**Supplied records:**
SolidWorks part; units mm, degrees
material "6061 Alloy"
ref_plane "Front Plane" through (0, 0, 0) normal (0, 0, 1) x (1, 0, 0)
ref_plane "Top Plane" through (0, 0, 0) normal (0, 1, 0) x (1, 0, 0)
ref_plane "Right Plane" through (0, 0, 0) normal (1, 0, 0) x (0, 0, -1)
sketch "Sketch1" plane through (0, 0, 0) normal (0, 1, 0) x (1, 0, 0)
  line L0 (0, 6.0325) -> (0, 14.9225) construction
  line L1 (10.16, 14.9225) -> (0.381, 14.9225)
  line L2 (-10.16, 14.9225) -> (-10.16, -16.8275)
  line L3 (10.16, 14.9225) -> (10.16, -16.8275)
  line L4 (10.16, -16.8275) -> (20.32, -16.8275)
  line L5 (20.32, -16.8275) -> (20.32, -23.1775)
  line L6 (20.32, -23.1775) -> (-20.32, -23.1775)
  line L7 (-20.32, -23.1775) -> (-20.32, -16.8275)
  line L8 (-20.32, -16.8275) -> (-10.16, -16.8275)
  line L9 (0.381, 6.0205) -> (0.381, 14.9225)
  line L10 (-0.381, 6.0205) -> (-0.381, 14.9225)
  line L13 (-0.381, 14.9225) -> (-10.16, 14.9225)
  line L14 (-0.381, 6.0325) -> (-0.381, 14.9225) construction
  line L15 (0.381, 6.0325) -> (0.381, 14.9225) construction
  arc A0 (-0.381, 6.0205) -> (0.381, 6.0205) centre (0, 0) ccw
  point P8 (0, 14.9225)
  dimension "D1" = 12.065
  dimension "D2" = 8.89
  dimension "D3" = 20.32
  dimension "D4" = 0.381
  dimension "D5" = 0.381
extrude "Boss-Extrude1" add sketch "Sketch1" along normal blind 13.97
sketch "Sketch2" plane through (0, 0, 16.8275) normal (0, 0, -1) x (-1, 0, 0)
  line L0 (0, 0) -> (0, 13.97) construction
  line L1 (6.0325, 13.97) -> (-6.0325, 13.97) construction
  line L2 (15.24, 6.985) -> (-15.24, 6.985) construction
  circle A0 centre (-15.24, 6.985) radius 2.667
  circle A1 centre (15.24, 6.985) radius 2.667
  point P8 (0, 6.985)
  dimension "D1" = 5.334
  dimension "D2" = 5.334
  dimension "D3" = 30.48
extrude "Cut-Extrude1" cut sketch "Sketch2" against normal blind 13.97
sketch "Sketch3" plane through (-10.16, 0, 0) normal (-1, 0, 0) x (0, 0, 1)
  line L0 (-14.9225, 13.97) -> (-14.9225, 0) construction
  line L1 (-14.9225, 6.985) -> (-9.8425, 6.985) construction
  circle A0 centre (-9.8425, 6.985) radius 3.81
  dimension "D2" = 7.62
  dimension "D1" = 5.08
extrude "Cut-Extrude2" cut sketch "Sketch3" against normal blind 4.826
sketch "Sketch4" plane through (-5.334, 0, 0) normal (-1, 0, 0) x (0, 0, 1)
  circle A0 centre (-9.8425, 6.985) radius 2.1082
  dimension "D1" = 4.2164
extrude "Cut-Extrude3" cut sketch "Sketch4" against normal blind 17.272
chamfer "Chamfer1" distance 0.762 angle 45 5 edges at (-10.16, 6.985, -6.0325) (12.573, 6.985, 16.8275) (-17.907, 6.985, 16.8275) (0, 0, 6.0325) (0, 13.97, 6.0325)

**Task instructions:** Go through the listing above and pull out each line containing the word "sketch".

**Final answer:**
sketch "Sketch1" plane through (0, 0, 0) normal (0, 1, 0) x (1, 0, 0)
extrude "Boss-Extrude1" add sketch "Sketch1" along normal blind 13.97
sketch "Sketch2" plane through (0, 0, 16.8275) normal (0, 0, -1) x (-1, 0, 0)
extrude "Cut-Extrude1" cut sketch "Sketch2" against normal blind 13.97
sketch "Sketch3" plane through (-10.16, 0, 0) normal (-1, 0, 0) x (0, 0, 1)
extrude "Cut-Extrude2" cut sketch "Sketch3" against normal blind 4.826
sketch "Sketch4" plane through (-5.334, 0, 0) normal (-1, 0, 0) x (0, 0, 1)
extrude "Cut-Extrude3" cut sketch "Sketch4" against normal blind 17.272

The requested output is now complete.